This past weekend, on our one day San Juan Islands kayak tour, we found an unusual jelly fish that we have never before encountered in this area on our kayaking trips. As you can see from the photo, it was stunningly beautiful with an amber bell, purple stinging tentacles, and pink oral tentacles. It was about 8 inches in diameter and 2 feet long.
It turned out to be a type of true jelly in the class Scyphozoa, commonly called the sea nettle. Several other species of jellies are commonly called “sea nettle” so its important to know the scientific name for jellies to avoid this kind of confusion. Chrysaora fuscescens is common in coastal waters of California and Oregon, less so west to Japan, north to the Gulf of Alaska, and south to the Baja Peninsula. It usually reaches its greatest abundance in late summer or autumn and it one of the few jellies to survive well into the winter months.

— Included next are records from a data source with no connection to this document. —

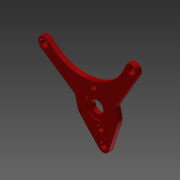
# Autodesk Inventor part: Part2
Saved by Autodesk Inventor 2014 SP1 (Build 180222100, 222)
## iProperties
Created: 2014-01-05
Part Number: Part2
Material: Aluminum 6061
Document SubType Name: Modeling
Designer: Rauhul Varma
Density: 2.71 g/cm^3
Appearance: Red
Mass: 9.68241 g
Surface Area: 32.817 cm^2
Volume: 3.57285 cm^3
Author: Rauhul Varma
Autodesk Inventor part; units mm, degrees
ref_plane "YZ Plane" through (0, 0, 0) normal (1, 0, 0) x (0, 1, 0)
ref_plane "XZ Plane" through (0, 0, 0) normal (0, 1, 0) x (-1, 0, 0)
ref_plane "XY Plane" through (0, 0, 0) normal (0, 0, 1) x (1, 0, 0)
sketch "Main Outline" plane through (0, 0, 0) normal (0, 0, 1) x (1, 0, 0)
  line L0 (0, 0) -> (304.8, 0) construction
  line L1 (304.8, 0) -> (304.8, 50.8) construction
  line L2 (304.8, 50.8) -> (0, 50.8) construction
  line L3 (0, 50.8) -> (0, 0) construction
  line L4 (0, 50.8) -> (0, 53.34) construction
  line L5 (0, 53.34) -> (304.8, 53.34) construction
  line L6 (304.8, 53.34) -> (304.8, 50.8) construction
  circle A0 centre (152.4, 23.8125) radius 17.4625 construction
  line L7 (152.4, 23.8125) -> (152.4, 0) construction
  circle A1 centre (152.4, 23.8125) radius 27.94 construction
  circle A2 centre (152.4, 23.8125) radius 21.59 construction
  line L8 (152.4, 23.8125) -> (144.1569, 60.2292) construction
  circle A3 centre (144.1569, 60.2292) radius 15.24 construction
  circle A4 centre (144.1569, 60.2292) radius 8.89 construction
  circle A5 centre (144.1569, 60.2292) radius 14.2875 construction
  arc A6 (163.8162, 72.0089) -> (128.198, 43.7805) centre (144.1569, 60.2292) ccw construction
  circle A7 centre (98.8106, 85.598) radius 32.258 construction
  circle A8 centre (124.5097, 147.0273) radius 32.258 construction
  circle A9 centre (174.158, 102.6533) radius 32.258 construction
  circle A10 centre (144.1569, 60.2292) radius 11.1125 construction
  circle A11 centre (152.4, 23.8125) radius 49.53 construction
  line L9 (144.1569, 60.2292) -> (124.5097, 147.0273) construction
  line L10 (144.1569, 60.2292) -> (98.8106, 85.598) construction
  line L11 (98.8106, 85.598) -> (174.158, 102.6533) construction
  line L12 (174.158, 102.6533) -> (144.1569, 60.2292) construction
  circle A12 centre (98.8106, 85.598) radius 9.5493 construction
  arc A13 (172.0498, 111.9669) -> (183.1109, 99.3313) centre (174.158, 102.6533) ccw construction
  circle A14 centre (124.5097, 147.0273) radius 9.5493 construction
  line L13 (96.7024, 94.9117) -> (172.0498, 111.9669) construction
  line L14 (183.1109, 99.3313) -> (165.6438, 52.2565) construction
  line L15 (92.161, 78.7444) -> (128.198, 43.7805) construction
  line L16 (172.0498, 111.9669) -> (174.158, 102.6533) construction
  line L17 (174.158, 102.6533) -> (183.1109, 99.3313) construction
  arc A15 (183.1109, 99.3313) -> (172.0498, 111.9669) centre (174.158, 102.6533) ccw construction
  arc A16 (165.6438, 52.2565) -> (163.8162, 72.0089) centre (144.1569, 60.2292) ccw construction
  arc A17 (128.198, 43.7805) -> (165.6438, 52.2565) centre (144.1569, 60.2292) ccw construction
  circle A18 centre (124.4396, 147.337) radius 32.258 construction
  circle A19 centre (124.3695, 147.6466) radius 32.258 construction
  circle A20 centre (124.2994, 147.9563) radius 32.258 construction
  line L18 (124.5097, 147.0273) -> (124.2994, 147.9563) construction
  circle A21 centre (124.5798, 146.7176) radius 32.258 construction
  circle A22 centre (117.4622, 43.2997) radius 9.525 construction
  circle A23 centre (175.54, 56.4459) radius 9.525 construction
  line L19 (152.4, 23.8125) -> (117.4622, 43.2997) construction
  line L20 (152.4, 23.8125) -> (175.54, 56.4459) construction
  line L21 (117.4622, 43.2997) -> (98.8106, 85.598) construction
  line L22 (175.54, 56.4459) -> (174.158, 102.6533) construction
  circle A24 centre (133.7342, 106.2753) radius 7.9375 construction
  line L23 (133.401, 150.5107) -> (165.496, 68.5894) construction
  circle A25 centre (152.4, 23.8125) radius 29.845 construction
  line L24 (114.985, 146.3422) -> (121.2977, 58.5849) construction
  circle A26 centre (99.0876, 85.443) radius 32.258 construction
  circle A27 centre (97.9793, 86.063) radius 32.258 construction
  line L25 (97.9793, 86.063) -> (98.8106, 85.598) construction
  circle A28 centre (98.2564, 85.908) radius 32.258 construction
  circle A29 centre (98.5335, 85.753) radius 32.258 construction
  circle A30 centre (152.4, 23.8125) radius 29.845 construction
  circle A31 centre (122.555, 23.8125) radius 6.35 construction
  circle A32 centre (179.3358, 36.6651) radius 6.35 construction
  line L26 (122.555, 23.8125) -> (152.4, 23.8125) construction
  line L27 (152.4, 23.8125) -> (182.245, 23.8125) construction
  circle A33 centre (182.245, 23.8125) radius 6.35 construction
  circle A34 centre (125.4642, 10.9599) radius 6.35 construction
  circle A35 centre (150.1885, 33.5827) radius 39.8623 construction
  line L28 (72.8944, 65.7819) -> (119.1902, 8.5205) construction
  circle A36 centre (174.708, 103.431) radius 32.258 construction
  line L29 (174.158, 102.6533) -> (174.708, 103.431) construction
  circle A37 centre (174.5246, 103.1717) radius 32.258 construction
  circle A38 centre (174.3413, 102.9125) radius 32.258 construction
  circle A39 centre (173.9747, 102.394) radius 32.258 construction
  line L30 (188.958, 24.3128) -> (206.0816, 95.9295) construction
  circle A40 centre (133.7342, 106.2753) radius 8.1693 construction
  arc A41 (85.4541, 115.7901) -> (94.2274, 135.7949) centre (79.2901, 130.4196) ccw construction
  arc A42 (156.6774, 149.9308) -> (173.2104, 135.6542) centre (172.4734, 151.5121) ccw construction
  line L31 (124.2994, 147.9563) -> (124.8602, 145.479) construction
  line L32 (114.3901, 145.7133) -> (114.9509, 143.236) construction
  line L33 (134.7695, 147.722) -> (134.2088, 150.1993) construction
  arc A43 (134.2088, 150.1993) -> (114.3901, 145.7133) centre (124.2994, 147.9563) ccw construction
  arc A44 (114.9509, 143.236) -> (134.7695, 147.722) centre (124.8602, 145.479) ccw construction
  line L34 (174.708, 103.431) -> (173.2414, 101.3571) construction
  line L35 (166.4126, 109.2972) -> (164.9461, 107.2234) construction
  line L36 (181.5368, 95.4909) -> (183.0033, 97.5647) construction
  arc A45 (183.0033, 97.5647) -> (166.4126, 109.2972) centre (174.708, 103.431) ccw construction
  arc A46 (164.9461, 107.2234) -> (181.5368, 95.4909) centre (173.2414, 101.3571) ccw construction
  line L37 (97.9793, 86.063) -> (100.196, 84.8229) construction
  line L38 (93.0188, 77.1963) -> (95.2355, 75.9562) construction
  line L39 (105.1564, 93.6897) -> (102.9398, 94.9298) construction
  arc A47 (102.9398, 94.9298) -> (93.0188, 77.1963) centre (97.9793, 86.063) ccw construction
  arc A48 (95.2355, 75.9562) -> (105.1564, 93.6897) centre (100.196, 84.8229) ccw construction
  circle A49 centre (117.4622, 43.2997) radius 3.9687 construction
  circle A50 centre (175.54, 56.4459) radius 3.9687 construction
  line L40 (152.4, 23.8125) -> (158.9889, -5.2961) construction
  arc A51 (89.3511, 54.6895) -> (85.9237, 49.6664) centre (88.3927, 51.6626) ccw construction
  arc A52 (201.2624, 75.7739) -> (196.006, 78.8314) centre (198.1744, 76.5122) ccw construction
  circle A53 centre (152.4, 23.8125) radius 14.224 construction
  circle A54 centre (133.7342, 106.2753) radius 3.9687 construction
  circle A55 centre (156.886, 3.9939) radius 6.35 construction
  circle A56 centre (156.886, 3.9939) radius 2.0828 construction
  circle A57 centre (152.4, 23.8125) radius 20.32 construction
  line L41 (132.9935, 29.8368) -> (152.4, 23.8125) construction
  line L42 (152.4, 23.8125) -> (167.3204, 37.6068) construction
  circle A58 centre (167.3204, 37.6068) radius 2.0828 construction
  circle A59 centre (167.3204, 37.6068) radius 3.9687 construction
  circle A60 centre (132.9935, 29.8368) radius 2.0828 construction
  circle A61 centre (132.9935, 29.8368) radius 3.9688 construction
  point P0 (173.9747, 102.394)
  point P1 (99.0876, 85.443)
  dimension "d18" = 99.06
  dimension "d58" = 64.516
  dimension "d86" = 64.516
  dimension "d0" = 304.8
  dimension "d1" = 50.8
  dimension "d2" = 2.54
  dimension "d3" = 34.925
  dimension "d4" = 23.8125
  dimension "d5" = 152.4
  dimension "d6" = 55.88
  dimension "d7" = 43.18
  dimension "d8" = 37.338
  dimension "d10" = 30.48
  dimension "d11" = 17.78
  dimension "d12" = 28.575
  dimension "d13" = 45.8366
  dimension "d14" = 64.516
  dimension "d15" = 64.516
  dimension "d16" = 64.516
  dimension "d17" = 22.225
  dimension "d19" = 51.9602
  dimension "d20" = 88.9939
  dimension "d21" = 19.0986
  dimension "d22" = 19.0986
  dimension "d23" = 19.0986
  dimension "d30" = 123.112
  dimension "d40" = 64.516
  dimension "d41" = 64.516
  dimension "d42" = 64.516
  dimension "d43" = 0.9525
  dimension "d44" = 0.3175
  dimension "d45" = 0.635
  dimension "d46" = 64.516
  dimension "d47" = 0.3175
  dimension "d48" = 19.05
  dimension "d49" = 19.05
  dimension "d50" = 40.005
  dimension "d51" = 40.005
  dimension "d52" = 46.228
  dimension "d54" = 46.228
  dimension "d55" = 15.875
  dimension "d56" = 41.4655
  dimension "d57" = 59.69
  dimension "d59" = 64.516
  dimension "d60" = 64.516
  dimension "d61" = 64.516
  dimension "d62" = 0.3175
  dimension "d63" = 0.3175
  dimension "d64" = 0.635
  dimension "d65" = 0.9525
  dimension "d73" = 12.7
  dimension "d74" = 12.7
  dimension "d76" = 59.69
  dimension "d78" = 12.7
  dimension "d79" = 12.7
  dimension "d80" = 64.516
  dimension "d81" = 0.9525
  dimension "d82" = 64.516
  dimension "d83" = 64.516
  dimension "d84" = 0.3175
  dimension "d85" = 0.635
  dimension "d88" = 0.3175
  dimension "d89" = 31.75
  dimension "d90" = 31.75
  dimension "d94" = 1.5875
  dimension "d95" = 20.32
  dimension "d96" = 1.5875
  constraints: 92 end point, 59 centre point, 54 point on circle, 38 tangent, 26 coincident, 16 point on line, 9 collinear, 6 parallel, 4 midpoint, 4 perpendicular, 3 symmetric about line, 2 horizontal, 13 other
  measures "d0" distance of L2.end L1.end
  measures "d1" distance of L1.end L0.end
  measures "d2" distance of L2.end L4.end
  measures "d3" diameter of A0
  measures "d4" distance of L7.start L7.end
  measures "d5" distance between parallel lines of L3 L7
  measures "d6" diameter of A1
  measures "d7" diameter of A2
  measures "d8" distance of L8.start L8.end
  measures "d10" diameter of A3
  measures "d11" diameter of A4
  measures "d12" diameter of A5
  measures "d13" diameter of A6
  measures "d14" diameter of A7
  measures "d15" diameter of A8
  measures "d16" diameter of A9
  measures "d17" diameter of A10
  measures "d19" distance of L9.start L10.end
  measures "d20" distance of L9.start L9.end
  measures "d21" diameter of A12
  measures "d22" diameter of A13
  measures "d23" diameter of A14
  measures "d30" angle of L17 L16
  measures "d40" diameter of A18
  measures "d41" diameter of A19
  measures "d42" diameter of A20
  measures "d43" distance of L18.end L9.end
  measures "d44" distance of A18.centre L9.end
  measures "d45" distance of A19.centre L9.end
  measures "d46" diameter of A21
  measures "d47" distance of L9.end A21.centre
  measures "d48" diameter of A22
  measures "d49" diameter of A23
  measures "d50" distance of L19.start L19.end
  measures "d51" distance of L19.start L20.end
  measures "d52" distance of L19.end L21.end
  measures "d54" distance of L20.end L16.end
  measures "d55" diameter of A24
  measures "d56" distance of A21.centre A24.centre
  measures "d57" diameter of A25
  measures "d59" diameter of A27
  measures "d60" diameter of A28
  measures "d61" diameter of A29
  measures "d62" distance of point (99.088, 85.443) L10.end
  measures "d63" distance of L10.end A29.centre
  measures "d64" distance of L10.end A28.centre
  measures "d65" distance of L25.start L10.end
  measures "d73" diameter of A31
  measures "d74" diameter of A32
  measures "d76" diameter of A30
  measures "d78" diameter of A33
  measures "d79" diameter of A34
  measures "d80" diameter of A36
  measures "d81" distance of L29.start L29.end
  measures "d82" diameter of A37
  measures "d83" diameter of A38
  measures "d84" distance of L16.end A38.centre
  measures "d85" distance of L11.end A37.centre
  measures "d88" distance of L11.end point (173.975, 102.394)
  measures "d89" diameter of A41
  measures "d90" diameter of A42
  measures "d94" distance of L9.end L31.end
  measures "d95" diameter of A44
  measures "d96" distance of L11.end L34.end
sketch "Upper CIM C-C Check" plane through (0, 0, 0) normal (0, 0, 1) x (1, 0, 0)
  arc A0 (3.4429, -22.6582) -> (3.4429, 22.6582) centre (0, 0) ccw construction
  arc A1 (90.4285, 9.4409) -> (90.4285, -9.4409) centre (88.9939, 0) ccw construction
  line L0 (88.9939, 0) -> (0, 0) construction
  line L1 (90.4285, 9.4409) -> (3.4429, 22.6582)
  line L2 (3.4429, -22.6582) -> (90.4285, -9.4409)
  arc A2 (90.4285, -9.4409) -> (90.4285, 9.4409) centre (88.9939, 0) ccw
  arc A3 (3.4429, 22.6582) -> (3.4429, -22.6582) centre (0, 0) ccw
  dimension "d24" = 45.8366
  dimension "d25" = 19.0986
  dimension "d26" = 78.9119
  dimension "d27" = 87.984
  dimension "d28" = 27.12
  dimension "d29" = 88.9939
  constraints: 8 point on circle, 6 end point, 4 centre point, 4 tangent, 1 coincident, 1 horizontal
  measures "d24" diameter of A0
  measures "d25" diameter of A1
  measures "d27" distance of L1.start L1.end
  measures "d29" distance of L0.start L0.end
sketch "Sketch3" plane through (0, 0, 0) normal (0, 0, 1) x (1, 0, 0)
  arc A0 (120.2749, 46.0997) -> (115.2358, 40.0143) centre (117.4622, 43.2997) ccw
  arc A1 (178.9642, 54.4395) -> (171.7957, 57.7617) centre (175.54, 56.4459) ccw
  arc A2 (160.6699, 2.7967) -> (153.9865, 1.2839) centre (156.886, 3.9939) ccw construction
  arc A3 (128.198, 43.7805) -> (165.6438, 52.2565) centre (144.1569, 60.2292) ccw construction
  arc A4 (139.8542, 17.11) -> (142.0082, 14.1) centre (152.4, 23.8125) ccw
  line L0 (156.886, 3.9939) -> (144.1569, 60.2292) construction
  circle A5 centre (152.4, 23.8125) radius 11.176 construction
  line L1 (166.6093, 23.1661) -> (164.9458, 30.515)
  line L2 (160.6699, 2.7967) -> (165.9615, 19.5219)
  line L3 (164.9458, 30.515) -> (178.9642, 54.4395)
  line L4 (138.1907, 24.4589) -> (139.8542, 17.11)
  line L5 (142.0082, 14.1) -> (153.9865, 1.2839)
  line L6 (138.1907, 24.4589) -> (115.2358, 40.0143)
  arc A6 (138.1907, 24.4589) -> (139.8542, 17.11) centre (152.4, 23.8125) ccw construction
  arc A7 (164.9458, 30.515) -> (138.1907, 24.4589) centre (152.4, 23.8125) ccw construction
  arc A8 (166.6093, 23.1661) -> (164.9458, 30.515) centre (152.4, 23.8125) ccw construction
  arc A9 (155.5402, 9.9395) -> (165.9615, 19.5219) centre (152.4, 23.8125) ccw construction
  arc A10 (142.0082, 14.1) -> (155.5402, 9.9395) centre (152.4, 23.8125) ccw construction
  arc A11 (165.9615, 19.5219) -> (166.6093, 23.1661) centre (152.4, 23.8125) ccw
  arc A12 (153.9865, 1.2839) -> (160.6699, 2.7967) centre (156.886, 3.9939) ccw
  arc A13 (120.2749, 46.0997) -> (171.7957, 57.7617) centre (142.3753, 68.1002) ccw
  arc A14 (171.7957, 57.7617) -> (120.2749, 46.0997) centre (142.3753, 68.1002) ccw construction
  arc A15 (115.2358, 40.0143) -> (120.2749, 46.0997) centre (117.4622, 43.2997) ccw construction
  arc A16 (171.7957, 57.7617) -> (178.9642, 54.4395) centre (175.54, 56.4459) ccw construction
  circle A17 centre (152.4, 23.8125) radius 3.9688
  point P0 (0, 0)
  point P1 (149.9327, 34.7127)
  point P2 (154.8673, 12.9123)
  dimension "d115" = 7.9375
  dimension "d117" = 22.352
  dimension "d118" = 13.716
  dimension "d119" = 13.716
  dimension "d120" = 14.224
  dimension "d121" = 7.9375
  constraints: 39 point on circle, 17 centre point, 17 tangent, 14 end point, 7 coincident, 3 point on line, 2 equal radius, 2 parallel
  measures "d115" diameter of A0
  measures "d117" diameter of A5
  measures "d118" distance from line of point (152.4, 23.812) L1
  measures "d119" distance from line of point (152.4, 23.812) L4
  measures "d120" radius of A7
  measures "d121" diameter of A17
extrude "Extrusion1" add sketch "Sketch3" along normal blind 3.175
hole "Hole1" at (175.54, 56.4459, 0) at (117.4622, 43.2997, 0) direction (0, 0, 1) diameter 4.9784 end through all clearance for "Socket Head Cap Screw" size "#10" standard "Ansi Unified Screw Threads"
hole "Hole2" at (149.9327, 34.7127, 0) at (154.8673, 12.9123, 0) direction (0, 0, 1) diameter 4.2164 end through all
hole "Hole3" at (156.886, 3.9939, 0) direction (0, 0, 1) diameter 4.318 end through all clearance for "Socket Head Cap Screw" size "#8" standard "Ansi Unified Screw Threads"
fillet "Fillet1" radius 3.175 4 edges at (138.1907, 24.4589, 1.5875) (164.9458, 30.515, 1.5875) (166.6093, 23.1661, 1.5875) (139.8542, 17.11, 1.5875)
sketch "Sketch4" plane through (0, 0, 3.175) normal (0, 0, 1) x (1, 0, 0)
  circle A0 centre (152.4, 23.8125) radius 3.9687 projected
  arc A1 (165.9615, 19.5219) -> (166.5764, 22.6501) centre (152.4, 23.8125) ccw projected
  circle A2 centre (152.4, 23.8125) radius 7.1437
  point P0 (0, 0)
  dimension "d146" = 14.2875
  constraints: 1 centre point, 1 coincident
  measures "d146" diameter of A2
extrude "Extrusion2" cut sketch "Sketch4" against normal blind 0.635
equation "\"d3\" = r10"
equation "\"d6\" = g44"
equation "\"d7\" = g34"
equation "\"d10\" = g24"
equation "\"d11\" = g14"
equation "\"d12\" = r8"
equation "\"d13\" = p48"
equation "\"d14\" = cim"
equation "\"d15\" = cim"
equation "\"d16\" = cim"
equation "\"d17\" = r6"
equation "\"d21\" = p20"
equation "\"d22\" = p20"
equation "\"d23\" = p20"
equation "\"d24\" = p48"
equation "\"d25\" = p20"
equation "\"d29\" = d20"
equation "\"g14\" = 17.78"
equation "\"g24\" = 30.48"
equation "\"g34\" = 43.18"
equation "\"g44\" = 55.88"
equation "\"p20\" = 19.09859"
equation "\"p48\" = 45.83662"
equation "\"r10\" = 34.925"
equation "\"r9\" = 31.75"
equation "\"r8\" = 28.575"
equation "\"r7\" = 25.4"
equation "\"r6\" = 22.225"
equation "\"r5\" = 19.05"
equation "\"r4\" = 15.875"
equation "\"r3\" = 12.7"
equation "\"cim\" = 64.516"
equation "\"act\" = 28.448"
equation "\"actL\" = 23.749"
equation "\"UpperCimCCCheck\" = 2 * d27 + d26 + d28"
equation "\"LowerBeltPathCCCheck\" = 267"
body "Solid1"

Chrysaora fuscescens does not often venture into inland waters like the San Juan Islands so far from the Pacific Ocean. But this would be the best season to find one, and this year especially so. That’s because some scientists suspect that its population is increasing due to human influences, such as excessive nitrogen from sewage and farms, and higher ocean temperatures. If true, this jelly may be having a negative impact on larval fishes such as salmon that are crucial to our eagles and orca whales.
Chrysaora fuscescens can grow as large as 3 feet in diameter, although most are less than 1 foot across. The long, spiraling oral arms and the 24 tentacles may stretch far as 12 to 15 feet. It is commonly displayed at public aquariums because it is colorful and relatively easy to raise. It takes only 3 months to bring them from polyp to adult. Pain caused by its sting is similar to that of a bee sting or brushing across nettles and does not have serious effects except in those individuals who are sensitive to the toxin.
The San Juan Islands are home to over 60 species of jelly fish with the greatest diversity present in spring. By summer, our waters are dominated by about 10 large species that have consumed all the smaller types! Some of our jellies glow at night making quite a spectacle on our bioluminescence night kayak tours.